Supported URL patterns
https://github.com/:owner/:repohttps://github.com/:owner/:repo/issues/:nhttps://github.com/:owner/:repo/pull/:n
Example output
{
"platform": "github",
"repo": {
"name": "webpeel",
"fullName": "webpeel/webpeel",
"description": "Fast web fetching for AI agents",
"stars": 1842,
"forks": 94,
"openIssues": 12,
"language": "TypeScript",
"license": "AGPL-3.0",
"topics": ["web-scraping", "ai", "mcp", "typescript"],
"homepage": "https://webpeel.dev",
"pushedAt": "2026-02-24T09:30:00Z"
},
"readme": "# WebPeel\n\nFast web fetching for AI agents...",
"recentIssues": [
{ "number": 201, "title": "Support for Playwright tracing", "state": "open", "createdAt": "2026-02-22T..." }
],
"recentPRs": [
{ "number": 198, "title": "feat: YouTube transcript extractor", "state": "merged", "mergedAt": "2026-02-20T..." }
]
}
Hacker News
Uses the official HN Firebase API — same data powering news.ycombinator.com itself.
Supported URL patterns
https://news.ycombinator.com/item?id=:idhttps://news.ycombinator.com/(front page)
Example output
{
"platform": "hackernews",
"story": {
"id": 42123456,
"title": "WebPeel v0.15 – YouTube transcripts and BM25 Q&A",
"url": "https://webpeel.dev/changelog",
"score": 284,
"author": "jliu",
"numComments": 63,
"createdAt": "2026-02-24T08:00:00Z"
},
"comments": [
{
"id": 42123500,
"author": "pg",
"text": "Nice. The BM25 quick answer is clever.",
"score": 41,
"replies": []
}
]
}
SDK Usage
import { peel } from 'webpeel';
// GitHub repo
const repo = await peel('https://github.com/webpeel/webpeel');
console.log(repo.domainData.repo.stars); // 1842
console.log(repo.domainData.readme); // README markdown
// Reddit post
const post = await peel('https://reddit.com/r/programming/comments/xyz/title');
console.log(post.domainData.post.score); // 312
console.log(post.domainData.comments); // threaded comments
// Hacker News story
const hn = await peel('https://news.ycombinator.com/item?id=42123456');
console.log(hn.domainData.story.title);
console.log(hn.domainData.comments);
from webpeel import WebPeel
client = WebPeel()
# GitHub repo
repo = client.scrape("https://github.com/webpeel/webpeel")

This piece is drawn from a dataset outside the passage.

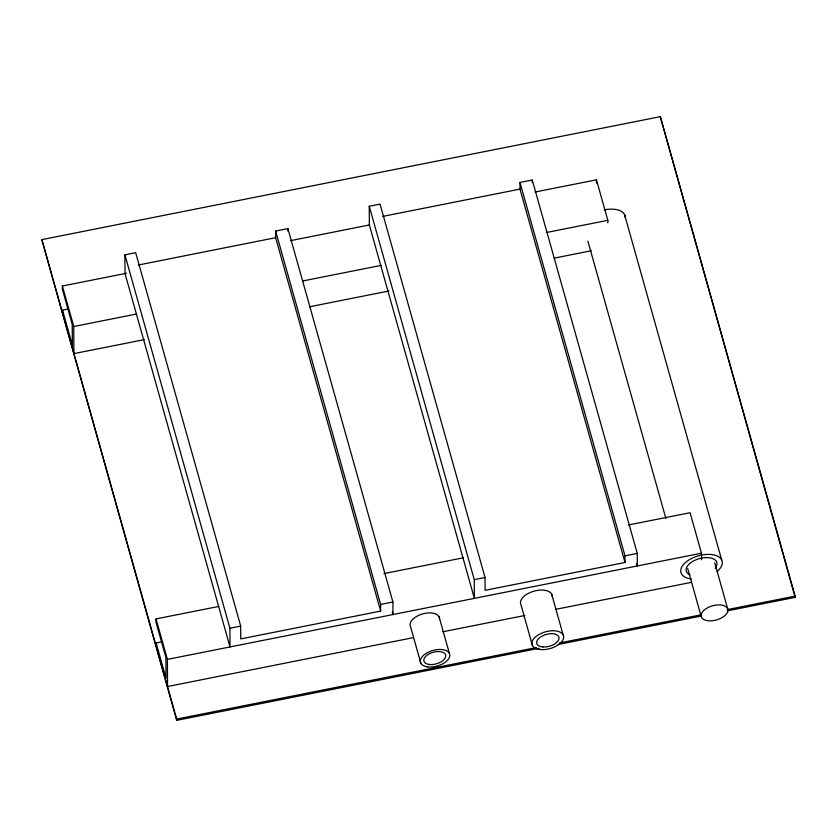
<?xml version="1.0" encoding="UTF-8"?>
<svg xmlns="http://www.w3.org/2000/svg" width="837" height="837" viewBox="0 0 837 837"><rect width="100%" height="100%" fill="white"/><g stroke="black" fill="none" stroke-linecap="round" stroke-linejoin="round"><path stroke-width="1.26" d="M539.059 648.288L176.691 720.343L41.85 239.633L660.309 116.657L795.14 596.111L795.15 597.367L727.29 610.853M124.912 254.846L229.924 628.231L230.018 646.949L125.016 273.563L124.912 254.846L135.688 252.711L240.7 626.097L240.763 638.903L380.668 611.083L380.626 604.429L275.624 231.043L287.897 228.606L392.909 601.991L392.971 614.546L392.271 612.035M369.263 206.268L474.276 579.654L474.37 598.361L369.358 224.975L369.263 206.268L380.04 204.123L485.041 577.509L485.115 590.315L625.009 562.495L624.977 555.841L519.965 182.456L532.248 180.018L637.26 553.403L637.323 565.958L636.612 563.447M138.304 265.015L275.655 237.698L275.624 231.043M382.645 216.427L520.007 189.11L519.965 182.456M67.63 309.083L62.503 310.098L72.359 345.147L72.254 324.432L62.398 289.382L62.377 286.013L126.418 273.28M290.355 240.69L369.755 224.891M534.979 192.039L596.446 179.819L607.84 220.309L607.85 222.893M144.351 339.623L73.907 353.622L73.761 326.503L136.525 314.021M303.015 280.918L381.149 265.381M546.362 232.529L607.84 220.309M309.564 306.771L388.975 290.983M554.188 258.131L591.33 250.744M162.535 641.728L156.132 642.994L165.988 678.043L165.872 657.327L156.017 622.278L156.006 618.92L218.76 606.438M383.974 573.586L463.384 557.798M628.597 524.945L690.075 512.725L701.458 553.205L701.49 559.66M229.924 628.231L240.7 626.097M474.276 579.654L485.041 577.509M380.626 604.429L392.909 601.991M624.977 555.841L637.26 553.403M413.436 637.627L167.526 686.528L167.39 659.399L701.458 553.205M442.888 631.768L524.862 615.477M555.601 609.367L691.352 582.364M176.691 720.343L176.691 719.088L536.496 647.535M559.545 642.952L700.391 614.954M727.28 609.598L795.14 596.111M558.269 644.469L701.678 615.948M795.15 597.367L660.309 116.657M624.528 214.502L721.62 559.744M714.746 562.83L727.845 609.399A13.8 7.345 -15.7 0 1 709.138 620.845A13.8 7.345 -15.7 0 1 706.512 608.384A13.8 7.345 -15.7 0 1 727.845 609.399M687.7 568.543L701.155 616.356M587.877 241.098L665.907 518.553M520.007 189.11L625.009 562.495M551.677 594.155L563.123 634.833M532.437 645.547L521.001 604.879A16.332 8.684 -15.7 0 1 534.215 591.089A16.332 8.684 -15.7 0 1 552.232 596.362M439.059 616.712L449.343 653.258M420.823 663.228L410.548 626.683A15.181 8.077 -15.7 0 1 422.831 613.866A15.181 8.077 -15.7 0 1 439.571 618.763M275.655 237.698L380.668 611.083M62.377 286.013L73.761 326.503M156.006 618.92L167.39 659.399M41.85 239.633L176.691 719.088M596.446 179.819L596.467 183.188M532.248 180.018L532.259 182.529M287.897 228.606L287.918 231.117M156.132 642.994L156.142 646.038M62.503 310.098L62.524 313.143M691.174 578.953A21.385 11.383 -15.7 0 1 684.185 563.719A21.385 11.383 -15.7 0 1 714.16 554.983A21.385 11.383 -15.7 0 1 717.215 571.357M690.002 574.81A15.872 8.443 -15.7 0 1 689.991 563.28A15.872 8.443 -15.7 0 1 710.383 557.913A15.872 8.443 -15.7 0 1 715.133 568.197M604.377 209.846A21.385 11.383 -15.7 0 1 625.249 217.379M539.875 649.491A16.332 8.684 -15.7 0 0 563.667 637.03A16.332 8.684 -15.7 0 0 539.792 634.048A16.332 8.684 -15.7 0 0 539.875 649.491M542.92 646.938A11.498 6.121 -15.7 0 0 559.001 637.689A11.498 6.121 -15.7 0 0 541.591 636.34A11.498 6.121 -15.7 0 0 542.92 646.938M427.728 666.89A15.181 8.077 -15.7 0 0 449.856 655.308A15.181 8.077 -15.7 0 0 427.655 652.536A15.181 8.077 -15.7 0 0 427.728 666.89M429.58 664.515A11.268 5.995 -15.7 0 0 445.713 655.706A11.268 5.995 -15.7 0 0 428.973 653.969A11.268 5.995 -15.7 0 0 429.58 664.515"/></g></svg>

print(repo.domain_data["repo"]["stars"]) # 1842
print(repo.domain_data["readme"]) # README markdown
# Reddit post
post = client.scrape("https://reddit.com/r/programming/comments/xyz/title")
print(post.domain_data["post"]["score"])
print(post.domain_data["comments"])
The GitHub extractor works without authentication for public repos (60 requests/hour). Set a
GITHUB_TOKEN environment variable to raise the limit to 5,000 requests/hour. Generate a token at github.com/settings/tokens — no special scopes needed for public repos.